We are supposed to feel sorry for Diane (pronounced Dee-Ann) because she is the lackey of a successful fashion and advertising photographer (Ty Burrell) who prepares models for their close-ups while she fades into the background. But she lives in financial comfort, her husband is supportive and caring, and their 2 daughters don’t seem half bad, either. Enter Lionel (Robert Downey Jr.), the mysterious new upstairs neighbor with a condition that causes hair to sprout on every inch of his flesh—and while he may resemble Chewbacca on the outside, inside he is just another pensive, artistic soul longing for a love connection. He finds it with Diane.
Meanwhile her husband, aiming to compete with this new object of desire, begins to grow a thick beard, and the daughters start to wonder where their mommy went. Is infidelity somehow less offensive if the person they are cheating with has a birth defect? That is the type of off-kilter logic that Shainberg and Wilson try to unsuccessfully propose with Fur, when they should have learned their lesson from Imagine Me & You: just because the central love affair isn’t typical or heterosexual, doesn’t make it any more acceptable—or interesting.

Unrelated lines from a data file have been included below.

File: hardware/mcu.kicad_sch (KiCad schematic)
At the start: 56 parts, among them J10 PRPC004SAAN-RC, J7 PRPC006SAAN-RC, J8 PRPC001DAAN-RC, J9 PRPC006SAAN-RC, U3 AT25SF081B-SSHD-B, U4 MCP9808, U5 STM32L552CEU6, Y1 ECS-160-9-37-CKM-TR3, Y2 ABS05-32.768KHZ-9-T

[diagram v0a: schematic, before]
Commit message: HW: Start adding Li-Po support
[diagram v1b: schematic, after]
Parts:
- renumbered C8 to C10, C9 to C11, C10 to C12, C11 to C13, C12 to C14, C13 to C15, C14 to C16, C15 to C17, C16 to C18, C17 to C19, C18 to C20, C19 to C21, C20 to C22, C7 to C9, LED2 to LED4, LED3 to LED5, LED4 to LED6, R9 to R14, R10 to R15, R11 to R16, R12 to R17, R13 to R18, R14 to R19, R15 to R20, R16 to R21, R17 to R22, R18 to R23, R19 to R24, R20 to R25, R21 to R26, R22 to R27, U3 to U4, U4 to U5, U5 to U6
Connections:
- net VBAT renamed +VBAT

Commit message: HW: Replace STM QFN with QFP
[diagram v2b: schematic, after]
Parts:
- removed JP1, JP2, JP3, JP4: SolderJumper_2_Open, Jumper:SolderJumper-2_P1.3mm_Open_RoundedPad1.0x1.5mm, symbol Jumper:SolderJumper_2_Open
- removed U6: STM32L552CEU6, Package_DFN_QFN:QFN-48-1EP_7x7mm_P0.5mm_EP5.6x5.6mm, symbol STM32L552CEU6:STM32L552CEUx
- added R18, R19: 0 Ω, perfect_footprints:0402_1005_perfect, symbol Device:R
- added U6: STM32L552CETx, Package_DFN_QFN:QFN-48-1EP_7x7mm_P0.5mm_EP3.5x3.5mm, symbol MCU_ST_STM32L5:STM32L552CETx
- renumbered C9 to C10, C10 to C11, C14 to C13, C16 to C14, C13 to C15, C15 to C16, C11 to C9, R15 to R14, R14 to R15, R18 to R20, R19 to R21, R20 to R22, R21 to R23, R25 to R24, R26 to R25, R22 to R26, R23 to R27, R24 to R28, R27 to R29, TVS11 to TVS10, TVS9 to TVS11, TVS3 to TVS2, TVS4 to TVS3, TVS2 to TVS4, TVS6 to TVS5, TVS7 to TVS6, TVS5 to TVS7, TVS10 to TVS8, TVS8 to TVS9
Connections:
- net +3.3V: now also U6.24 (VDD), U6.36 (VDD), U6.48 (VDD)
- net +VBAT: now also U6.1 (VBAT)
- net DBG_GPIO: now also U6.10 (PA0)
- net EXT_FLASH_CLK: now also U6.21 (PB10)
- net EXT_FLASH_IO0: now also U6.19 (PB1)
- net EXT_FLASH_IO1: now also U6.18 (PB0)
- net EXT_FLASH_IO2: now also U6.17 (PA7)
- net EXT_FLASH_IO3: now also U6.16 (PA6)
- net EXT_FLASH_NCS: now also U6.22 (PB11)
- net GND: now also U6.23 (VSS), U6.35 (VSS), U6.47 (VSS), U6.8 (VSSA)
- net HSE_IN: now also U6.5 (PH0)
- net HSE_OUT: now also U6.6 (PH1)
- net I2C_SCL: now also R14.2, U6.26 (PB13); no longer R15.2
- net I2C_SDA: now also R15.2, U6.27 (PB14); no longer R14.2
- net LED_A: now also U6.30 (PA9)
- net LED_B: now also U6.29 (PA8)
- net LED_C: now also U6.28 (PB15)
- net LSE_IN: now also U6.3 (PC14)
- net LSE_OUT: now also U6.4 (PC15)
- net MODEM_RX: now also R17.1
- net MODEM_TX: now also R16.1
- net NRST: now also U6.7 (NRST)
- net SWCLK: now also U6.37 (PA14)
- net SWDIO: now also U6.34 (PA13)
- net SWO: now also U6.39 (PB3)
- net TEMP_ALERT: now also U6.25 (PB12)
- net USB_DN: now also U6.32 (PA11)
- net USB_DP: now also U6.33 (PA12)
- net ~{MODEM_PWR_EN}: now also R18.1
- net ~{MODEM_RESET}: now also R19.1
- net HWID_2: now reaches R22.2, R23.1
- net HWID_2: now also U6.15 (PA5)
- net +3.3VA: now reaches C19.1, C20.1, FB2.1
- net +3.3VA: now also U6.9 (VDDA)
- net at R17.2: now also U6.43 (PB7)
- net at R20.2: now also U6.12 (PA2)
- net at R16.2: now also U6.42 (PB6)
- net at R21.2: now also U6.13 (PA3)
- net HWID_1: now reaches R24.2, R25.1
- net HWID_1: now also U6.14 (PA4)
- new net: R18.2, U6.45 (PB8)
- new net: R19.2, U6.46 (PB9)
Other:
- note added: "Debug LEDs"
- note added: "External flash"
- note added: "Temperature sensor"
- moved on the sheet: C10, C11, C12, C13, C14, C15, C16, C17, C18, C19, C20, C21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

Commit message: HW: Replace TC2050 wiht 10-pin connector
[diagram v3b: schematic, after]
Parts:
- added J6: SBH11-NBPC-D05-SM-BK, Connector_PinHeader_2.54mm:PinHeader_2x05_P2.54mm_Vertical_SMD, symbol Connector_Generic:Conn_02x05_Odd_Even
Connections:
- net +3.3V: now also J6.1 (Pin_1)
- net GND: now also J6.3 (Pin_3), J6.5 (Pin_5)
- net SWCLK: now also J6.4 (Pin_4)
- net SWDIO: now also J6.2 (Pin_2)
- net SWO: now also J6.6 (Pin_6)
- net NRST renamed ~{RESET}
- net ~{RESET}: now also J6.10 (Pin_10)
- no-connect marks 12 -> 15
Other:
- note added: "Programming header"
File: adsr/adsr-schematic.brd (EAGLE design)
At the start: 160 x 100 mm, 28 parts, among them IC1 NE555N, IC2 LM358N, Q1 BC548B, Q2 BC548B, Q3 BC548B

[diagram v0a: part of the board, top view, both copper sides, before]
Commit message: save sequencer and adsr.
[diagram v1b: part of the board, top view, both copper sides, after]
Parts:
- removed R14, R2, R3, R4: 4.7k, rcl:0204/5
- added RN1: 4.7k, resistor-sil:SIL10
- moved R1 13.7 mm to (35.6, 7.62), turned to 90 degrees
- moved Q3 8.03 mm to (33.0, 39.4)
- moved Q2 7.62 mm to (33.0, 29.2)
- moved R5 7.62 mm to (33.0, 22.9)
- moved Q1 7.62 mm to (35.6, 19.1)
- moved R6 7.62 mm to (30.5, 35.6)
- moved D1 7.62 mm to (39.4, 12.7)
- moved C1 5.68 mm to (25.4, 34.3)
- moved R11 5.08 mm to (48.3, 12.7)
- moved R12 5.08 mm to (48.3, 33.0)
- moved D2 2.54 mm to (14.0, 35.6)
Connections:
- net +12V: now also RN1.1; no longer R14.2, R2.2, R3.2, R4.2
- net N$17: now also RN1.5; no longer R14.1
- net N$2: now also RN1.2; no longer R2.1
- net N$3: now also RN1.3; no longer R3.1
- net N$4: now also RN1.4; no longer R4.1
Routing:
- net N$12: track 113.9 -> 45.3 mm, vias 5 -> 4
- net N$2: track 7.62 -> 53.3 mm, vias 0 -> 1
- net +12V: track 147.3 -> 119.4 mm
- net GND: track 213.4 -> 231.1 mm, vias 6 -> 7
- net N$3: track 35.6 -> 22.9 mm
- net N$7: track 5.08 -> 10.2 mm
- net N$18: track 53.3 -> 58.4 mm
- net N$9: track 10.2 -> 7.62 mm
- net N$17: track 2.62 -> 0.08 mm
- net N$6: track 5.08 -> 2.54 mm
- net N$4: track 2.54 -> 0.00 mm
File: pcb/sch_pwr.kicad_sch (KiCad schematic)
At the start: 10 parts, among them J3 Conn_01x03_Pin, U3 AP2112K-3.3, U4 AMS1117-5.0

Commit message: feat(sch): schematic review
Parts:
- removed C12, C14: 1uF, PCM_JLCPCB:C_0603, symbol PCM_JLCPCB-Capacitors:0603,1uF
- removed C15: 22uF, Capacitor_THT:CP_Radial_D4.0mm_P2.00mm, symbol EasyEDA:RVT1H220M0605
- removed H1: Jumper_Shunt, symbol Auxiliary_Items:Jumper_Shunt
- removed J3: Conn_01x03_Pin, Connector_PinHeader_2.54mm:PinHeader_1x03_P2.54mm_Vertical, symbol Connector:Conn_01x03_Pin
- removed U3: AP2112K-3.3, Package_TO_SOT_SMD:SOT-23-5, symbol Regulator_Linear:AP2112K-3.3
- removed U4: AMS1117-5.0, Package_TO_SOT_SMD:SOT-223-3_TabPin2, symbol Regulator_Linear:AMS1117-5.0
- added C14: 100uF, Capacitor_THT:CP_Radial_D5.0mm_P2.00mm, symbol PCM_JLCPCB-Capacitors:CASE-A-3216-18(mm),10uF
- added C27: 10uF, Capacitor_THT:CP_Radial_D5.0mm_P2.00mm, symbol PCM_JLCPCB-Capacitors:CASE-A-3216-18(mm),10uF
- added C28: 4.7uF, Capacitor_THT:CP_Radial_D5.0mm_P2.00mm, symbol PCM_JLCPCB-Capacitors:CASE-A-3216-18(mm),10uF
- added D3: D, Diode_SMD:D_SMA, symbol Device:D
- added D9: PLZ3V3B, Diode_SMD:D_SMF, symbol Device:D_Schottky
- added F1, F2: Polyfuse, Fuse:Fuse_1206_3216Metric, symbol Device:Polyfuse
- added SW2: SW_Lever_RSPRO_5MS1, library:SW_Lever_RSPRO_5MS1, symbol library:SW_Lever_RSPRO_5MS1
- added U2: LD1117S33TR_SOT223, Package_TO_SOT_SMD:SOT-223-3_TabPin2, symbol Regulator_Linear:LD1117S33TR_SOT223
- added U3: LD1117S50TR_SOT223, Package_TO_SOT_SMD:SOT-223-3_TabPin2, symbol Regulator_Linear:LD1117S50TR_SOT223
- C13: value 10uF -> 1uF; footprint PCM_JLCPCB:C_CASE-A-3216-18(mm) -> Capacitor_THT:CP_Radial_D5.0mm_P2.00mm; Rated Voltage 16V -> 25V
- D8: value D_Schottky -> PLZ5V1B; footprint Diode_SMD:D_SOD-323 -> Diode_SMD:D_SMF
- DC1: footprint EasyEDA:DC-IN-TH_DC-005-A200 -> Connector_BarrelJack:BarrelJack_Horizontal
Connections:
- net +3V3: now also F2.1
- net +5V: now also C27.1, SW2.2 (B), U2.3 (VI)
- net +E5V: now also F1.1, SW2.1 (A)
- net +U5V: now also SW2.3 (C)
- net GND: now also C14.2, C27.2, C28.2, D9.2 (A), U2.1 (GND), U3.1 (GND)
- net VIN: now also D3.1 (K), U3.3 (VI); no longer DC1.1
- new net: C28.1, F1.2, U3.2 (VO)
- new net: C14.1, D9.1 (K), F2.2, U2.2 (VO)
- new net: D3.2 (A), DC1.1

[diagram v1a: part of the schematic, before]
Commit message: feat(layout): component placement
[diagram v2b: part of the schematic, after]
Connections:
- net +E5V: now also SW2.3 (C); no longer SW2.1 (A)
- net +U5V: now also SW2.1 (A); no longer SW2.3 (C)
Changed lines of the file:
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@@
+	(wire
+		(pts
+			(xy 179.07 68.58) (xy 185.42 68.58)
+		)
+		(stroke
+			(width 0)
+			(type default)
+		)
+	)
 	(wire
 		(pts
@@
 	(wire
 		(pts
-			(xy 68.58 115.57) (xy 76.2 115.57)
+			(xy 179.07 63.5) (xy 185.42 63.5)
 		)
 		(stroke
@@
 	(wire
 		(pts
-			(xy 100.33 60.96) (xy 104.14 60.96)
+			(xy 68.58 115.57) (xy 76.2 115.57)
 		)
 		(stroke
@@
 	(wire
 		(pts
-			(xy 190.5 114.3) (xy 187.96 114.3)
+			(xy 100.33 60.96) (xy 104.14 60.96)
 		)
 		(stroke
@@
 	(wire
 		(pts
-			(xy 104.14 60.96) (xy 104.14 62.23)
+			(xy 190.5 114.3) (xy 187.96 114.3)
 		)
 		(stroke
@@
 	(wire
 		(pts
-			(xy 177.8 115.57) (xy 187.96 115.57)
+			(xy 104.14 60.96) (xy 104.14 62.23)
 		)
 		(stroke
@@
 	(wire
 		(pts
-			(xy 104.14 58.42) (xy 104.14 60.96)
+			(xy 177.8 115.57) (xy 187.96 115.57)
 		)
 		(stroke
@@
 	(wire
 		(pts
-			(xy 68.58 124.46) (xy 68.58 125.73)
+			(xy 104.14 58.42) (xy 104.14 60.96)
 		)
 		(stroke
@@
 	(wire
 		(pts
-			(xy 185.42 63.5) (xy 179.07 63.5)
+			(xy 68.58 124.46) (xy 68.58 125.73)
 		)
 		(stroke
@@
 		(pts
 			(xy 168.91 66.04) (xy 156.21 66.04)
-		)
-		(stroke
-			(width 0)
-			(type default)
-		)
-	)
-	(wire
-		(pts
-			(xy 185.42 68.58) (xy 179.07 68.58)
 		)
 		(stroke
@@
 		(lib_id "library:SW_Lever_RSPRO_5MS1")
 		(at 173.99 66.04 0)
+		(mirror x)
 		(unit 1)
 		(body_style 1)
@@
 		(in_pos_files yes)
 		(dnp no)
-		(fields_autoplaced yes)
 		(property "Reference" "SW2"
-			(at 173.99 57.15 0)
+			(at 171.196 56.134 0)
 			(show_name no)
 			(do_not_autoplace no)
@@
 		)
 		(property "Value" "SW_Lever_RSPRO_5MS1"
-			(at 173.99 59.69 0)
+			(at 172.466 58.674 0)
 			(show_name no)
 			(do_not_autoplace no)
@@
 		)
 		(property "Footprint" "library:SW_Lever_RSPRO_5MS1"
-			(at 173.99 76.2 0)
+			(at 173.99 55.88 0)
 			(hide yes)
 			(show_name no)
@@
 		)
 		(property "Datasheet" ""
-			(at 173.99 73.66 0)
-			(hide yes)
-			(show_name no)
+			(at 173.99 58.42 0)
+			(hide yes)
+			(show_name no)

Moral ambiguity aside, Fur, based on Patricia Bosworth’s book “Diane Arbus: A Biography,” takes itself far too seriously to be taken seriously. At its core, what we have here is the story of a selfish, sulking housewife who feels like a freak, and, in order to feel normal, hangs out with actual freaks. How noble. The film steers clear of the typical biopic format, but during its 122 minute running time, tells us nothing about the artist that we couldn’t learn more poignantly from any of her photographs.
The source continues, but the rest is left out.